— TO DO —
Could you retype the entries exactly as they are?

[Records contained in a dataset]
----------
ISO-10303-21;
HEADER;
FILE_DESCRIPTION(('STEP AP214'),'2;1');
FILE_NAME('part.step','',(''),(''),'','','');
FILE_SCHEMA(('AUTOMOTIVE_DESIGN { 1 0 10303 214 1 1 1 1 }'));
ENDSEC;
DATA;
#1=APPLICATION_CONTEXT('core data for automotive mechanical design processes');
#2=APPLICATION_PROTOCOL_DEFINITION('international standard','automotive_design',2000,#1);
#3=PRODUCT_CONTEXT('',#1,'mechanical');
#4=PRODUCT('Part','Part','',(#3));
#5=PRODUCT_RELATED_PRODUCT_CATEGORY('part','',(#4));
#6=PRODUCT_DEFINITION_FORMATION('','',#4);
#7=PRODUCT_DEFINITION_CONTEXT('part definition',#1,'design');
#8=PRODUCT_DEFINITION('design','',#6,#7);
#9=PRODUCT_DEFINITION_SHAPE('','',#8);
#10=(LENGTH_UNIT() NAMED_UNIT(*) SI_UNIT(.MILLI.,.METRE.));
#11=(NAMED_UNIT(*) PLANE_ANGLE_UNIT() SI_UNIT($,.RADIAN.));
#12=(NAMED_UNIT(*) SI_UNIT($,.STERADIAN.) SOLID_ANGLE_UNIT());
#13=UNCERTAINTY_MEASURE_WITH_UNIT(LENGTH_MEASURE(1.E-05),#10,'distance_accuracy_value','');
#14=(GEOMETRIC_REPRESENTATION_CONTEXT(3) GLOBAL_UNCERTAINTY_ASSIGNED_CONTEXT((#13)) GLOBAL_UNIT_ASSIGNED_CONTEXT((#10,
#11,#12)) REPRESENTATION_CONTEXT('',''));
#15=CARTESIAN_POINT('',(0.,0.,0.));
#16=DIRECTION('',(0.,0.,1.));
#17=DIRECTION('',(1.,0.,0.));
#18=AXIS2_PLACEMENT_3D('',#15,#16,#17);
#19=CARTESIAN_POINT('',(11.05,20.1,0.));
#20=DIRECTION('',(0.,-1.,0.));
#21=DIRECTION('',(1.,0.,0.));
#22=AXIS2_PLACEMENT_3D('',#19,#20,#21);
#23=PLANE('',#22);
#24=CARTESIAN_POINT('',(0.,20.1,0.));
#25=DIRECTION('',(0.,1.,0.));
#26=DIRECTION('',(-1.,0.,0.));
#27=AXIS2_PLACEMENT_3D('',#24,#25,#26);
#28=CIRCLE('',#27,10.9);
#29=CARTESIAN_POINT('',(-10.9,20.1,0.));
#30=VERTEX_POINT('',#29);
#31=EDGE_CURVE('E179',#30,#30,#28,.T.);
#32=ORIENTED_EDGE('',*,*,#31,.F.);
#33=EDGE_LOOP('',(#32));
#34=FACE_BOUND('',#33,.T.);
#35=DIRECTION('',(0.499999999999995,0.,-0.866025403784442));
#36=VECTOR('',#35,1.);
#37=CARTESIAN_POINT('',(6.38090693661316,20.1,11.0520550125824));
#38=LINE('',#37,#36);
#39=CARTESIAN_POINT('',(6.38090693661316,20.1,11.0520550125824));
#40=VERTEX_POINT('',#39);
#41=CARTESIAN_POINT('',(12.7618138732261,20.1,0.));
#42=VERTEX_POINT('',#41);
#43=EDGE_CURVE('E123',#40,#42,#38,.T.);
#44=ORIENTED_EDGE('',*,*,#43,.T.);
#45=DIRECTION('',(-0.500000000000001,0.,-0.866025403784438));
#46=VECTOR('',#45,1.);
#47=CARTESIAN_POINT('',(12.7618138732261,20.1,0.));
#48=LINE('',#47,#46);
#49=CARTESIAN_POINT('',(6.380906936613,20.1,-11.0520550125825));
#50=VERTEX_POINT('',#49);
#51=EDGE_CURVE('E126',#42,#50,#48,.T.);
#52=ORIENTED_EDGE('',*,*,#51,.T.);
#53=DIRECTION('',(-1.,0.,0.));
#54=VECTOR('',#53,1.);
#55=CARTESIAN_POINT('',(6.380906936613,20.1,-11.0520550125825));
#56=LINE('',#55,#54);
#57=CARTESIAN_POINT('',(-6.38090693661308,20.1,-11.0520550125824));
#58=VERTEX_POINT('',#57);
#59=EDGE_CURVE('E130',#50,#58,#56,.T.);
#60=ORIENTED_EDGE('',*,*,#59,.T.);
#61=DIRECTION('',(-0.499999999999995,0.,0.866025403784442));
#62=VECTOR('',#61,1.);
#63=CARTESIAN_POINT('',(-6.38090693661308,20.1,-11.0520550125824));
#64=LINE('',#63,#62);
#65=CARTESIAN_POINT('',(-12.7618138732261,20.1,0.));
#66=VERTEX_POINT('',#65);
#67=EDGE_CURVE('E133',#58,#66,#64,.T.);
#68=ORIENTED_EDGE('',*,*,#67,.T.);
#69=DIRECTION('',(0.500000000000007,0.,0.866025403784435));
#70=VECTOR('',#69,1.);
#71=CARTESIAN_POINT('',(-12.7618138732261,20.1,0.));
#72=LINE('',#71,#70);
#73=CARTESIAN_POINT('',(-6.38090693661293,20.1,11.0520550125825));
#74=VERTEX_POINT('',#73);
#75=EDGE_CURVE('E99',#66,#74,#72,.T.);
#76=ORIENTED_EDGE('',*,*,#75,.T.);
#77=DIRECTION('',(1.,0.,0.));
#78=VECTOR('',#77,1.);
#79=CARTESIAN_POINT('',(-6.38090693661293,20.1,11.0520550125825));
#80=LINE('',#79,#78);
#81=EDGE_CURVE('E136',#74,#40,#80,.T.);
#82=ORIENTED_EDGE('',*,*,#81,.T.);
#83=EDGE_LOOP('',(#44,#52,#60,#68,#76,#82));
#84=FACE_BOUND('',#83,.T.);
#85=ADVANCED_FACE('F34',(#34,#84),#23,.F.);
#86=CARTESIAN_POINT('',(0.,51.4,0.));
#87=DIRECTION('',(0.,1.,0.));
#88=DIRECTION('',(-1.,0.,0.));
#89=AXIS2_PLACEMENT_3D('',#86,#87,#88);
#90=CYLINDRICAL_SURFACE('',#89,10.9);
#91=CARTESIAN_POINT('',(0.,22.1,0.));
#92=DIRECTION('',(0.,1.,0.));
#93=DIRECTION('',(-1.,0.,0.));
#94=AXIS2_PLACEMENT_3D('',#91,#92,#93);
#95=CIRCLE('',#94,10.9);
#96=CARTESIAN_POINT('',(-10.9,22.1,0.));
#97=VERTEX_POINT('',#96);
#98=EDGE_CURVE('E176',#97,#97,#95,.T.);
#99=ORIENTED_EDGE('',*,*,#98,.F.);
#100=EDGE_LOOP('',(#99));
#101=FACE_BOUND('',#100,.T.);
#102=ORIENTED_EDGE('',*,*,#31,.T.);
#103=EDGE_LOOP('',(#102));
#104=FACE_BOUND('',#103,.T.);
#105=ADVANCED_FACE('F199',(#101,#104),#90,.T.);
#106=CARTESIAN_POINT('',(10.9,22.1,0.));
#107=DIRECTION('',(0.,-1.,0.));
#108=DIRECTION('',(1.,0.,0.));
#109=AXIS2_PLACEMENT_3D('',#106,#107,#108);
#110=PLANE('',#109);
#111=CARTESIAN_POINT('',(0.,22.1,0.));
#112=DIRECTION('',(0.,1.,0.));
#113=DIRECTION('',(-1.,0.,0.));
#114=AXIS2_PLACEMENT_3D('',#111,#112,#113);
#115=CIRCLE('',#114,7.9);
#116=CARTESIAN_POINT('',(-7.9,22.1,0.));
----------
— OUTPUT OF THE EXERCISE —
ISO-10303-21;
HEADER;
FILE_DESCRIPTION(('STEP AP214'),'2;1');
FILE_NAME('part.step','',(''),(''),'','','');
FILE_SCHEMA(('AUTOMOTIVE_DESIGN { 1 0 10303 214 1 1 1 1 }'));
ENDSEC;
DATA;
#1=APPLICATION_CONTEXT('core data for automotive mechanical design processes');
#2=APPLICATION_PROTOCOL_DEFINITION('international standard','automotive_design',2000,#1);
#3=PRODUCT_CONTEXT('',#1,'mechanical');
#4=PRODUCT('Part','Part','',(#3));
#5=PRODUCT_RELATED_PRODUCT_CATEGORY('part','',(#4));
#6=PRODUCT_DEFINITION_FORMATION('','',#4);
#7=PRODUCT_DEFINITION_CONTEXT('part definition',#1,'design');
#8=PRODUCT_DEFINITION('design','',#6,#7);
#9=PRODUCT_DEFINITION_SHAPE('','',#8);
#10=(LENGTH_UNIT() NAMED_UNIT(*) SI_UNIT(.MILLI.,.METRE.));
#11=(NAMED_UNIT(*) PLANE_ANGLE_UNIT() SI_UNIT($,.RADIAN.));
#12=(NAMED_UNIT(*) SI_UNIT($,.STERADIAN.) SOLID_ANGLE_UNIT());
#13=UNCERTAINTY_MEASURE_WITH_UNIT(LENGTH_MEASURE(1.E-05),#10,'distance_accuracy_value','');
#14=(GEOMETRIC_REPRESENTATION_CONTEXT(3) GLOBAL_UNCERTAINTY_ASSIGNED_CONTEXT((#13)) GLOBAL_UNIT_ASSIGNED_CONTEXT((#10,
#11,#12)) REPRESENTATION_CONTEXT('',''));
#15=CARTESIAN_POINT('',(0.,0.,0.));
#16=DIRECTION('',(0.,0.,1.));
#17=DIRECTION('',(1.,0.,0.));
#18=AXIS2_PLACEMENT_3D('',#15,#16,#17);
#19=CARTESIAN_POINT('',(11.05,20.1,0.));
#20=DIRECTION('',(0.,-1.,0.));
#21=DIRECTION('',(1.,0.,0.));
#22=AXIS2_PLACEMENT_3D('',#19,#20,#21);
#23=PLANE('',#22);
#24=CARTESIAN_POINT('',(0.,20.1,0.));
#25=DIRECTION('',(0.,1.,0.));
#26=DIRECTION('',(-1.,0.,0.));
#27=AXIS2_PLACEMENT_3D('',#24,#25,#26);
#28=CIRCLE('',#27,10.9);
#29=CARTESIAN_POINT('',(-10.9,20.1,0.));
#30=VERTEX_POINT('',#29);
#31=EDGE_CURVE('E179',#30,#30,#28,.T.);
#32=ORIENTED_EDGE('',*,*,#31,.F.);
#33=EDGE_LOOP('',(#32));
#34=FACE_BOUND('',#33,.T.);
#35=DIRECTION('',(0.499999999999995,0.,-0.866025403784442));
#36=VECTOR('',#35,1.);
#37=CARTESIAN_POINT('',(6.38090693661316,20.1,11.0520550125824));
#38=LINE('',#37,#36);
#39=CARTESIAN_POINT('',(6.38090693661316,20.1,11.0520550125824));
#40=VERTEX_POINT('',#39);
#41=CARTESIAN_POINT('',(12.7618138732261,20.1,0.));
#42=VERTEX_POINT('',#41);
#43=EDGE_CURVE('E123',#40,#42,#38,.T.);
#44=ORIENTED_EDGE('',*,*,#43,.T.);
#45=DIRECTION('',(-0.500000000000001,0.,-0.866025403784438));
#46=VECTOR('',#45,1.);
#47=CARTESIAN_POINT('',(12.7618138732261,20.1,0.));
#48=LINE('',#47,#46);
#49=CARTESIAN_POINT('',(6.380906936613,20.1,-11.0520550125825));
#50=VERTEX_POINT('',#49);
#51=EDGE_CURVE('E126',#42,#50,#48,.T.);
#52=ORIENTED_EDGE('',*,*,#51,.T.);
#53=DIRECTION('',(-1.,0.,0.));
#54=VECTOR('',#53,1.);
#55=CARTESIAN_POINT('',(6.380906936613,20.1,-11.0520550125825));
#56=LINE('',#55,#54);
#57=CARTESIAN_POINT('',(-6.38090693661308,20.1,-11.0520550125824));
#58=VERTEX_POINT('',#57);
#59=EDGE_CURVE('E130',#50,#58,#56,.T.);
#60=ORIENTED_EDGE('',*,*,#59,.T.);
#61=DIRECTION('',(-0.499999999999995,0.,0.866025403784442));
#62=VECTOR('',#61,1.);
#63=CARTESIAN_POINT('',(-6.38090693661308,20.1,-11.0520550125824));
#64=LINE('',#63,#62);
#65=CARTESIAN_POINT('',(-12.7618138732261,20.1,0.));
#66=VERTEX_POINT('',#65);
#67=EDGE_CURVE('E133',#58,#66,#64,.T.);
#68=ORIENTED_EDGE('',*,*,#67,.T.);
#69=DIRECTION('',(0.500000000000007,0.,0.866025403784435));
#70=VECTOR('',#69,1.);
#71=CARTESIAN_POINT('',(-12.7618138732261,20.1,0.));
#72=LINE('',#71,#70);
#73=CARTESIAN_POINT('',(-6.38090693661293,20.1,11.0520550125825));
#74=VERTEX_POINT('',#73);
#75=EDGE_CURVE('E99',#66,#74,#72,.T.);
#76=ORIENTED_EDGE('',*,*,#75,.T.);
#77=DIRECTION('',(1.,0.,0.));
#78=VECTOR('',#77,1.);
#79=CARTESIAN_POINT('',(-6.38090693661293,20.1,11.0520550125825));
#80=LINE('',#79,#78);
#81=EDGE_CURVE('E136',#74,#40,#80,.T.);
#82=ORIENTED_EDGE('',*,*,#81,.T.);
#83=EDGE_LOOP('',(#44,#52,#60,#68,#76,#82));
#84=FACE_BOUND('',#83,.T.);
#85=ADVANCED_FACE('F34',(#34,#84),#23,.F.);
#86=CARTESIAN_POINT('',(0.,51.4,0.));
#87=DIRECTION('',(0.,1.,0.));
#88=DIRECTION('',(-1.,0.,0.));
#89=AXIS2_PLACEMENT_3D('',#86,#87,#88);
#90=CYLINDRICAL_SURFACE('',#89,10.9);
#91=CARTESIAN_POINT('',(0.,22.1,0.));
#92=DIRECTION('',(0.,1.,0.));
#93=DIRECTION('',(-1.,0.,0.));
#94=AXIS2_PLACEMENT_3D('',#91,#92,#93);
#95=CIRCLE('',#94,10.9);
#96=CARTESIAN_POINT('',(-10.9,22.1,0.));
#97=VERTEX_POINT('',#96);
#98=EDGE_CURVE('E176',#97,#97,#95,.T.);
#99=ORIENTED_EDGE('',*,*,#98,.F.);
#100=EDGE_LOOP('',(#99));
#101=FACE_BOUND('',#100,.T.);
#102=ORIENTED_EDGE('',*,*,#31,.T.);
#103=EDGE_LOOP('',(#102));
#104=FACE_BOUND('',#103,.T.);
#105=ADVANCED_FACE('F199',(#101,#104),#90,.T.);
#106=CARTESIAN_POINT('',(10.9,22.1,0.));
#107=DIRECTION('',(0.,-1.,0.));
#108=DIRECTION('',(1.,0.,0.));
#109=AXIS2_PLACEMENT_3D('',#106,#107,#108);
#110=PLANE('',#109);
#111=CARTESIAN_POINT('',(0.,22.1,0.));
#112=DIRECTION('',(0.,1.,0.));
#113=DIRECTION('',(-1.,0.,0.));
#114=AXIS2_PLACEMENT_3D('',#111,#112,#113);
#115=CIRCLE('',#114,7.9);
#116=CARTESIAN_POINT('',(-7.9,22.1,0.));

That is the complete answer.